At long last, the disturbances of the past decade had come to an end. They would, of course, have ended far sooner had the victors of Evesham not embarked on their understandable but ill-judged policy of retribution. Instead, the battle had been followed by two more years of unnecessary violence and destruction. England, already in a terrible state of confusion at the time of Montfort’s death, had been reduced to total chaos. In almost every corner of the kingdom lordship and landholding were in dispute, and nowhere had escaped the repeated waves of destruction. During the recent occupation of London, even Henry III’s precious Palace of Westminster had been sacked, the looters making off with windows, doors and fireplaces.

But the work of reconstruction and regeneration could now finally begin, and the heavens themselves seemed to be in sympathy. Back in 1258, when the revolution had broken, the weather had been appalling, and in consequence a terrible famine had stalked the land. In 1267, by contrast, the bad times had clearly passed, and the air was filled with hope. One Londoner writing that summer noted with satisfaction the richness of the woods and the spinneys, the gardens and the cornfields, and concluded ‘this year was more fruitful than any in times past’.

‘Moreover,’ added another of the capital’s contented inhabitants, ‘an enormous amount of Gascon wine was imported.’
32

In these days of renewed optimism, there was no greater cause for hope than the character of the heir to the throne. More than any other individual, Edward had been transformed by the tumultuous events of the past ten years. The swaggering youth whose irresponsible excesses had been lamented by the late Matthew Paris was gone; in his place was a man who, at twenty-eight, had proved his ability on almost every relevant score. The civil war, culminating in the two great battles of Lewes and Evesham, had shown that he possessed a general’s skill and a lion’s courage. The hard-won peace that had eventually followed had allowed him to demonstrate his flair for persuasion and to repair his associated reputation for panther-like duplicity. Without question, Edward had emerged as the most powerful figure in English politics. More than ever before, he looked like a king in waiting.

And yet who knew how long he would have to wait? Henry III, at almost sixty, was old but hardly ancient; despite his tendency to complain of ill-health, he might soldier on for several years to come.
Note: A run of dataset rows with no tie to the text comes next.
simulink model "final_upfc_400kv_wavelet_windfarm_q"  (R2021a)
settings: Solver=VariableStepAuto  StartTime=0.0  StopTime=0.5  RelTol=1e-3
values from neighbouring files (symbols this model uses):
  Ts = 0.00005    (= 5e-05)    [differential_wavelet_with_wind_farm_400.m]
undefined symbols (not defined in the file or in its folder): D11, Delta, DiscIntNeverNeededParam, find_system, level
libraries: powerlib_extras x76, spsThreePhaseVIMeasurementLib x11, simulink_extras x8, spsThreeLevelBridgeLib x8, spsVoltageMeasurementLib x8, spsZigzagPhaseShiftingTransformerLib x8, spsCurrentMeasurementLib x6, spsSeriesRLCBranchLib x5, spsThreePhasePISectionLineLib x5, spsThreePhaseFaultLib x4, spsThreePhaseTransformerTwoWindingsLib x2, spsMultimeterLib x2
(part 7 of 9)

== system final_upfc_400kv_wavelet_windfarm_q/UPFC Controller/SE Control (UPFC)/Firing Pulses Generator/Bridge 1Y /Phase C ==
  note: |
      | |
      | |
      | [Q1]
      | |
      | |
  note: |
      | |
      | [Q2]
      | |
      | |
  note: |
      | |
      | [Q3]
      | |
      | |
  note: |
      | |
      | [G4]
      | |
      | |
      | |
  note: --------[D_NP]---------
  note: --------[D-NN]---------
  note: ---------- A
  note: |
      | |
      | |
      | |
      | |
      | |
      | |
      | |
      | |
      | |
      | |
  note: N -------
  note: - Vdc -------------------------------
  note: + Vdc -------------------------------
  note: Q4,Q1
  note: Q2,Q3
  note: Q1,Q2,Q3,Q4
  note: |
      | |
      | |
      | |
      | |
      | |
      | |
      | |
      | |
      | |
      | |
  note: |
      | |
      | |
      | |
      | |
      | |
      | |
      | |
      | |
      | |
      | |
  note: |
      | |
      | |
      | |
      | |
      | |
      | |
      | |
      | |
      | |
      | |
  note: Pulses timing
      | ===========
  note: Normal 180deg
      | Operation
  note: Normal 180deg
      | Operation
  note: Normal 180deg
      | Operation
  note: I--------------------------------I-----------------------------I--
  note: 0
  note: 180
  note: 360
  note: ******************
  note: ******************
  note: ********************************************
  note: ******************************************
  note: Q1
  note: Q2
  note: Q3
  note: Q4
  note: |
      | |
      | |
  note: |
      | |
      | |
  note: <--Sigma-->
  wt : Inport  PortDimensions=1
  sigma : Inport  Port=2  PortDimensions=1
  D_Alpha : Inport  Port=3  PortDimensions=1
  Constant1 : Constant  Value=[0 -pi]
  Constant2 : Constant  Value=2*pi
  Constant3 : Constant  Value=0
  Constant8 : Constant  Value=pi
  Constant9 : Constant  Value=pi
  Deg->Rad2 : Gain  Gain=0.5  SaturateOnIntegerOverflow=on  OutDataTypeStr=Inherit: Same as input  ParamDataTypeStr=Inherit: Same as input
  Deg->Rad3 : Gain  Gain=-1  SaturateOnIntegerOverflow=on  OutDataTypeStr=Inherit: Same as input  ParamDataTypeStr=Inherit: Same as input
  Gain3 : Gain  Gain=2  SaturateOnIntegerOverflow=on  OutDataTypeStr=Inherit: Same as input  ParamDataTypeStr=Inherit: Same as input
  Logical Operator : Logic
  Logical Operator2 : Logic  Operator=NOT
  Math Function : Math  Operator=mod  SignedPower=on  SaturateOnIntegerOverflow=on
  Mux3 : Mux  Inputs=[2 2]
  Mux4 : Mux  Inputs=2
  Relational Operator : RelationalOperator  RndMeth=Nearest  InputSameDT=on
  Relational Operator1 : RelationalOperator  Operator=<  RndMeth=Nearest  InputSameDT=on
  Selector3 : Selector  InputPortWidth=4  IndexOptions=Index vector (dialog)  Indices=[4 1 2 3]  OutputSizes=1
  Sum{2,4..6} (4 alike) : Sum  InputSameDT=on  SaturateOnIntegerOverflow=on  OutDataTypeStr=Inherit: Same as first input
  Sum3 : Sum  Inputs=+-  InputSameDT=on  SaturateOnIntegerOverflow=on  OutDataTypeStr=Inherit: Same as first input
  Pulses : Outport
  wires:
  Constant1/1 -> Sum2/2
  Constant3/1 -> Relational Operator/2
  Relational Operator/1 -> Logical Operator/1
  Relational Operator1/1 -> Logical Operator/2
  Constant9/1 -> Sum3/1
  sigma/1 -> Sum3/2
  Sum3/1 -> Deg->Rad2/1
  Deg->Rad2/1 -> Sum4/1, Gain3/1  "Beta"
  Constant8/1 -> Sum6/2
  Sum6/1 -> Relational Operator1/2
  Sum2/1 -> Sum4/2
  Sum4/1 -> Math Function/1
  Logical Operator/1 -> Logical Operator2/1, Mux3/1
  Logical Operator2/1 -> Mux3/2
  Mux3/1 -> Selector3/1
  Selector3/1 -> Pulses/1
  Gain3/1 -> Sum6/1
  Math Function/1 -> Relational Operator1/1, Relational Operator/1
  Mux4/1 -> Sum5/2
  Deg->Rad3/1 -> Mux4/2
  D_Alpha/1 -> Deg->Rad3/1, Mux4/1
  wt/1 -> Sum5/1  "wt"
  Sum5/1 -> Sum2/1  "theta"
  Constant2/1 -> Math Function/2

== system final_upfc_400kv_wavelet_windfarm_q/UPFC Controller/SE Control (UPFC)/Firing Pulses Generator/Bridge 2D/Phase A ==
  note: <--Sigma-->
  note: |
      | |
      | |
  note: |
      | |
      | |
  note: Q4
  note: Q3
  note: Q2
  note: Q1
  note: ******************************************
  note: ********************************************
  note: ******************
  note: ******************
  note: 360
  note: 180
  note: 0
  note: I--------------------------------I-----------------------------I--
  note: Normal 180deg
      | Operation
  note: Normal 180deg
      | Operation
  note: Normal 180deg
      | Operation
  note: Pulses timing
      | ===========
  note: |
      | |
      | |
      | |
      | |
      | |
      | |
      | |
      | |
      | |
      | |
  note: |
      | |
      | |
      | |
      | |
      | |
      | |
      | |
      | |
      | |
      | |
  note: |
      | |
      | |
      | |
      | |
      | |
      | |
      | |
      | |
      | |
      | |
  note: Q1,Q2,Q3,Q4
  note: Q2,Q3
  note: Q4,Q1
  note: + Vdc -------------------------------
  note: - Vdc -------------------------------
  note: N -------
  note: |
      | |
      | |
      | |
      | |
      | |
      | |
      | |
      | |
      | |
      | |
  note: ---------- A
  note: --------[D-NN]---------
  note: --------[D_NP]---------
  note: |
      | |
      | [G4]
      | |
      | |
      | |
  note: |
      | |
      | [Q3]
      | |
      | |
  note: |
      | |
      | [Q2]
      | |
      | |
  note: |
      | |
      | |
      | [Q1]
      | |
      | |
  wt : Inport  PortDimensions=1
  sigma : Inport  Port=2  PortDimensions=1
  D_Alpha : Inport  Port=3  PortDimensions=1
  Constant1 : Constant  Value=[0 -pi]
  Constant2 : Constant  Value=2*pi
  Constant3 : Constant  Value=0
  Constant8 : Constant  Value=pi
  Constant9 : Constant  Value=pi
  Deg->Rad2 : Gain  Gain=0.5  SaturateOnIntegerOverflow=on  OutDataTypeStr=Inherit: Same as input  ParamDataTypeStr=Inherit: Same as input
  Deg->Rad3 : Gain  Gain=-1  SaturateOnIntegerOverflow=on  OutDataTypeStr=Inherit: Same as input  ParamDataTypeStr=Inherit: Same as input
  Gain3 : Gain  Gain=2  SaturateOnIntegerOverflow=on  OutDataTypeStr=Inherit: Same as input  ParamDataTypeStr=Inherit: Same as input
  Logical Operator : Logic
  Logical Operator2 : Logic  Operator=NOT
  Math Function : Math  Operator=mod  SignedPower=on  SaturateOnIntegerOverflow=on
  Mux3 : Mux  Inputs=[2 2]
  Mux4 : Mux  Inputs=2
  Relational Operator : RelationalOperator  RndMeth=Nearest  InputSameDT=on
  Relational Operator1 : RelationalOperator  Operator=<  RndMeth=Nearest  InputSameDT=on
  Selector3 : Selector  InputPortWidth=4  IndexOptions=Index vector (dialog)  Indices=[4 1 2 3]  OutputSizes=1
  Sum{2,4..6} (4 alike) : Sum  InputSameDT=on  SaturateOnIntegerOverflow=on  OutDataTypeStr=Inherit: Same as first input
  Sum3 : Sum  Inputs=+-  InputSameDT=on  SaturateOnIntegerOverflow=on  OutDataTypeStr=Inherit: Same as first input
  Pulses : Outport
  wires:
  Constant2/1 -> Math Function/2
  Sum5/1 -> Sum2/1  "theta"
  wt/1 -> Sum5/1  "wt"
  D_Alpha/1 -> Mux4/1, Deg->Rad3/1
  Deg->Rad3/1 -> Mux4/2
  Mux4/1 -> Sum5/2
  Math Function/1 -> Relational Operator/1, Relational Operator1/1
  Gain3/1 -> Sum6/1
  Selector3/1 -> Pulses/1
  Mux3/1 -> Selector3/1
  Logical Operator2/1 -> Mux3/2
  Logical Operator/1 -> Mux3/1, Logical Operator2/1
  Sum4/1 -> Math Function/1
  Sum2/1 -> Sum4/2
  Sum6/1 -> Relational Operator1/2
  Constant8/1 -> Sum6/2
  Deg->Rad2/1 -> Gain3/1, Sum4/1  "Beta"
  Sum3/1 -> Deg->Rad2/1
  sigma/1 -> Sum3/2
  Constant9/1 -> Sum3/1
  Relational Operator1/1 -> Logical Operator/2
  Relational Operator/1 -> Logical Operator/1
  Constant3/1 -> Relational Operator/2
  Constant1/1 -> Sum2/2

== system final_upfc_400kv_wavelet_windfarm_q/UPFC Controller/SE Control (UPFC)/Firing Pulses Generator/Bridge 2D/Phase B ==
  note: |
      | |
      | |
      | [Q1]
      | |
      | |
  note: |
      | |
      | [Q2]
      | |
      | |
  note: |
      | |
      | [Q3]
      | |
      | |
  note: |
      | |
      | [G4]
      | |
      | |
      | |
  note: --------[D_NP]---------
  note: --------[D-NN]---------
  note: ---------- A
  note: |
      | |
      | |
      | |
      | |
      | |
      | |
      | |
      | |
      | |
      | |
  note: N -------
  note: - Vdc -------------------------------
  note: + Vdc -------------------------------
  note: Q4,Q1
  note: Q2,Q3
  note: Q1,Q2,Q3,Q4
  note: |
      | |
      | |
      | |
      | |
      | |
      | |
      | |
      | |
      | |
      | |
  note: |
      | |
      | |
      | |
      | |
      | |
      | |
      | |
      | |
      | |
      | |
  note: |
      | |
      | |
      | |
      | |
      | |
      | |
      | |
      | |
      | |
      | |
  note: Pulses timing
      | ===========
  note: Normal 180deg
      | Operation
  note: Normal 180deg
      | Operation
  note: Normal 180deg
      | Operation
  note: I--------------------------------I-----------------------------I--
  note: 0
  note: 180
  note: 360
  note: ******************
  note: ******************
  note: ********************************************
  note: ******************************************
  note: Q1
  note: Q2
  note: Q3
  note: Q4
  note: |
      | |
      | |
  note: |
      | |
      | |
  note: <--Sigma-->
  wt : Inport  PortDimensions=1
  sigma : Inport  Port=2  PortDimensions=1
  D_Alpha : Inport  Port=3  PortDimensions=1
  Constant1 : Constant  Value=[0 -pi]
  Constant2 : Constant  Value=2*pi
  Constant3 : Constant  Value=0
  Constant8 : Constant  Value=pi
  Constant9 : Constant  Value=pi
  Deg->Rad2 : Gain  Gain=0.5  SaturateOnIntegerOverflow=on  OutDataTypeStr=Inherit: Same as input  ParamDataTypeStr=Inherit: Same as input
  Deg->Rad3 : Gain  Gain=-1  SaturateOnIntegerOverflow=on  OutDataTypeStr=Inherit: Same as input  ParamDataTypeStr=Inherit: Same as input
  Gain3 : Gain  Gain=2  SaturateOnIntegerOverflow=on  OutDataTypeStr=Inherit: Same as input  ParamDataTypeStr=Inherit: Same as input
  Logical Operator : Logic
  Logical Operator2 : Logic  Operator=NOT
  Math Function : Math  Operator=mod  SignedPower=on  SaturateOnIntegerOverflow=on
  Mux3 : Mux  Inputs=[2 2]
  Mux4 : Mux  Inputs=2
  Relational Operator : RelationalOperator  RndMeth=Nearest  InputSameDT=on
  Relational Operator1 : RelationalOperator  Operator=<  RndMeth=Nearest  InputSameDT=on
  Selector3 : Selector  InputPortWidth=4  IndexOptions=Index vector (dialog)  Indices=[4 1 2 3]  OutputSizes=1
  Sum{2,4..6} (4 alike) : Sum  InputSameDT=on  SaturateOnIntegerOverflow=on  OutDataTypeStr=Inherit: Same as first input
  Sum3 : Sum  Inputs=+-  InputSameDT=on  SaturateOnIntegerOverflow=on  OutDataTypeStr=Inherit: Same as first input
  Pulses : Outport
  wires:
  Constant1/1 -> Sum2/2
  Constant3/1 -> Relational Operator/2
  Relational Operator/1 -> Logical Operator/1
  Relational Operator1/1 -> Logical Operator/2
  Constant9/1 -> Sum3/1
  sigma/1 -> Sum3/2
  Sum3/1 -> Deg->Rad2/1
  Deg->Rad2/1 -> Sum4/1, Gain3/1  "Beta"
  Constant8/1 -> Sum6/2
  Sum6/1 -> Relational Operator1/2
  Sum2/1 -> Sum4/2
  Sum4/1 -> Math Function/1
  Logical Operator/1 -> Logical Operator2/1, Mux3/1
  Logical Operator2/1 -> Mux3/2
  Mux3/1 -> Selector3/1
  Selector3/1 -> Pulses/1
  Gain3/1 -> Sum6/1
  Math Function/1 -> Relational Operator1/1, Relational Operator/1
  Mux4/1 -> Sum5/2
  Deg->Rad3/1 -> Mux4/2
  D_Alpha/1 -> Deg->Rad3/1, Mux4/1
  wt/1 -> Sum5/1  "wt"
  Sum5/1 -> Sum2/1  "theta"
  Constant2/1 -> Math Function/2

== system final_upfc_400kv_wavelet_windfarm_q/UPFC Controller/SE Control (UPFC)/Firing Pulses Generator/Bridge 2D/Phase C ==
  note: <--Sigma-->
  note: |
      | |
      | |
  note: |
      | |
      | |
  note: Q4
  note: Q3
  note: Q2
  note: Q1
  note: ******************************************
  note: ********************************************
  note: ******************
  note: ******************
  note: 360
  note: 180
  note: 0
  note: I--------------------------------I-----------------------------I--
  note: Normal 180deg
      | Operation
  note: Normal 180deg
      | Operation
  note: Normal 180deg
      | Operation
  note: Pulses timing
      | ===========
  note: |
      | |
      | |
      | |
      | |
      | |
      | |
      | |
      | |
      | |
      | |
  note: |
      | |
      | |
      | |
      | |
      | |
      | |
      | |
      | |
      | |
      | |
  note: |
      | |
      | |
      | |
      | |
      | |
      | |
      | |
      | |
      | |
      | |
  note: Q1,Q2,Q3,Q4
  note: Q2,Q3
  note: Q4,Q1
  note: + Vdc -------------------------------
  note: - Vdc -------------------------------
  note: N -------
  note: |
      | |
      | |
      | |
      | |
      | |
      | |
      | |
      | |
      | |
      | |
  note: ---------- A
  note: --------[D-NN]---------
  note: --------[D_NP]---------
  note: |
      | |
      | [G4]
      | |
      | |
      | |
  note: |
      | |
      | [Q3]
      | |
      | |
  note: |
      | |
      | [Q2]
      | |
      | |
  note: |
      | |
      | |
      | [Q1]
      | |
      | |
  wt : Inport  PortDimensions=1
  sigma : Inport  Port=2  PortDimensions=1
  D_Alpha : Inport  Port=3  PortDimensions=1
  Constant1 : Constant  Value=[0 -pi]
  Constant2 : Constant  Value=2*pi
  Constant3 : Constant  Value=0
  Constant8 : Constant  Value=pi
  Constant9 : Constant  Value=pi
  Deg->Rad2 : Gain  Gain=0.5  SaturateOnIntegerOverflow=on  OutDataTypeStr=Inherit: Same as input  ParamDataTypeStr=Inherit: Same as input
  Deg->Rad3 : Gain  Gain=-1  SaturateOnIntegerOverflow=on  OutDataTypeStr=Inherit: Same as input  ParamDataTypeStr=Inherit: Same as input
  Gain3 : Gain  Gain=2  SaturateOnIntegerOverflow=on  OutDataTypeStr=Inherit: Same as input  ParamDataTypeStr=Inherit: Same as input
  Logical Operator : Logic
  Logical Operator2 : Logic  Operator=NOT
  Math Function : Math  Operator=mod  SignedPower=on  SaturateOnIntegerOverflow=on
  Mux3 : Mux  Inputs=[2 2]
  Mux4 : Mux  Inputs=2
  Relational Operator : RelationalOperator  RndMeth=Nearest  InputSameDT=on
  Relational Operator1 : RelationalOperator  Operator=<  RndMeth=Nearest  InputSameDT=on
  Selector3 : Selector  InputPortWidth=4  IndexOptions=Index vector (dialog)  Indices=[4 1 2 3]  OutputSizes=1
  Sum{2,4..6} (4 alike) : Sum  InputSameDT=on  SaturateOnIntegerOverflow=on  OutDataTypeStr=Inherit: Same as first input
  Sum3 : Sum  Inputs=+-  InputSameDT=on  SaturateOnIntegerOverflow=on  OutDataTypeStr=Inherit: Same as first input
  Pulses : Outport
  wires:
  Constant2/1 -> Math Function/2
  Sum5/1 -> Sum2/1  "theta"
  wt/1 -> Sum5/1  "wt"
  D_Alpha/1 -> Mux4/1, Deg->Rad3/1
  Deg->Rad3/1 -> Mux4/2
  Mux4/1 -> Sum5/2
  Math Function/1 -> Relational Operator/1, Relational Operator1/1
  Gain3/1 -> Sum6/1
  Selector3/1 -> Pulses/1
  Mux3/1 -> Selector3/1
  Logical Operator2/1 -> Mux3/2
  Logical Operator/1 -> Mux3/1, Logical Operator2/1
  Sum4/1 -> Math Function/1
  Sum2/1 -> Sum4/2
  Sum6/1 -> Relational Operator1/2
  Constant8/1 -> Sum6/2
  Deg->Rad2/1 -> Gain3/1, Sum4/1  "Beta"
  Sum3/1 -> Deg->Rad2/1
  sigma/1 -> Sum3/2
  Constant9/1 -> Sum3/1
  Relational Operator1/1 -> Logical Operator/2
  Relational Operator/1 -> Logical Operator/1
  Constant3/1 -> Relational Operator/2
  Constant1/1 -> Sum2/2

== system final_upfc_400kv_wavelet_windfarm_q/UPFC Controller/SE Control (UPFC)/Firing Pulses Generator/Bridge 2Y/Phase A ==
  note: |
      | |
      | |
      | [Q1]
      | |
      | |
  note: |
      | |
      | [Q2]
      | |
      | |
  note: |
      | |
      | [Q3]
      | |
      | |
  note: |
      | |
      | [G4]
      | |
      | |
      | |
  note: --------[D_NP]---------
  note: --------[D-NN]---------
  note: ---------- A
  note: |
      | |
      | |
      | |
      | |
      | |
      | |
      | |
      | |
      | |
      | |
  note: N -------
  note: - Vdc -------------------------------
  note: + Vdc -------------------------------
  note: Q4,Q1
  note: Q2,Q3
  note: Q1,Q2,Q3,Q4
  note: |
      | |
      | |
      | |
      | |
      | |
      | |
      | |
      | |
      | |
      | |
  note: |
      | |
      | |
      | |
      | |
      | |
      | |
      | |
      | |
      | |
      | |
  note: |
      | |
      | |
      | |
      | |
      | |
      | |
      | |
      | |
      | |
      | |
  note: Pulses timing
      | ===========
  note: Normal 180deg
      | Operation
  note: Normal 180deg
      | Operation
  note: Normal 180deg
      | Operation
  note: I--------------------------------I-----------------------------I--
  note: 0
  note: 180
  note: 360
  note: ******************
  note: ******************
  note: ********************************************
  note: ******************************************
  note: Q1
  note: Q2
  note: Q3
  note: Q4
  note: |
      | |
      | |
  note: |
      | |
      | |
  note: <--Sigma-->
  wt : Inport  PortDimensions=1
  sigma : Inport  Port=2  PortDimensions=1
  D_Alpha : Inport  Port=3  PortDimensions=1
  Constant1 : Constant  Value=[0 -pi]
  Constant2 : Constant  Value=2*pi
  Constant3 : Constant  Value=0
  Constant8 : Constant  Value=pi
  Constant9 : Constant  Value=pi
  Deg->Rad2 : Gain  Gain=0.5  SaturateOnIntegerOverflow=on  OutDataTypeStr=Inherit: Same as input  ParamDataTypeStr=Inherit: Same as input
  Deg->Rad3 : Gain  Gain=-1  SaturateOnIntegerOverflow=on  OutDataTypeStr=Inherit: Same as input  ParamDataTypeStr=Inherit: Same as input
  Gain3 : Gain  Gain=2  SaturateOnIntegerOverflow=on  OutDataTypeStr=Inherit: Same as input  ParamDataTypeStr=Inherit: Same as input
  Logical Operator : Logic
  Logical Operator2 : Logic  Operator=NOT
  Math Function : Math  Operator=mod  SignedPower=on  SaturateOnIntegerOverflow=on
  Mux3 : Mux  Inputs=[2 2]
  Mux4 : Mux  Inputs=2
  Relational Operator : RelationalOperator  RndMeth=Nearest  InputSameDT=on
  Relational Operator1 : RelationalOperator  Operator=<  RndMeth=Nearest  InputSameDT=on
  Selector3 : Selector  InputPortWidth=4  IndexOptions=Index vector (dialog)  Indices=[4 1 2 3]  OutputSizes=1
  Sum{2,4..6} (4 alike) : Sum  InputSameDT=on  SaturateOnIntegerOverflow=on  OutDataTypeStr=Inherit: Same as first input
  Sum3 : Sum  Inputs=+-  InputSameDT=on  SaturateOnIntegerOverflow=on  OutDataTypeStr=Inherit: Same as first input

In such a scenario, Edward would have to assume a much more subdued role than the one he had been playing of late. He could, of course, assist his father in the business of government, but for the next few years government promised to be a tedious business of settling land disputes. Equally, he could attend to his own estates, but here too there was little prospect of genuine excitement. The one arena that would have presented a challenge was Wales, but Edward’s concerns there had lately been ceded to others. His lands in south Wales had been transferred to his younger brother in 1265; those in the north had been lost to Llywelyn ap Gruffudd in the summer of 1263, when the castles of Dyserth and Deganwy had finally fallen, and there was no question, given England’s exhaustion and instability, of recovering them at any point soon. Accordingly, in the late summer of 1267, Henry and his sons travelled to the Welsh border and granted Llywelyn a permanent peace.
33

What Edward and his friends craved was fresh adventure. Their desire for further opportunities to prove their martial prowess is clear from the numerous tournaments they organised in the autumn of 1267. But counterfeit combat was no substitute for the real thing, to which recent events had made them accustomed; these young but experienced warriors now required an altogether larger stage for their ambitions. The answer to their predicament was therefore obvious – the natural next step for knights in search of renown. Edward and his friends should go on crusade.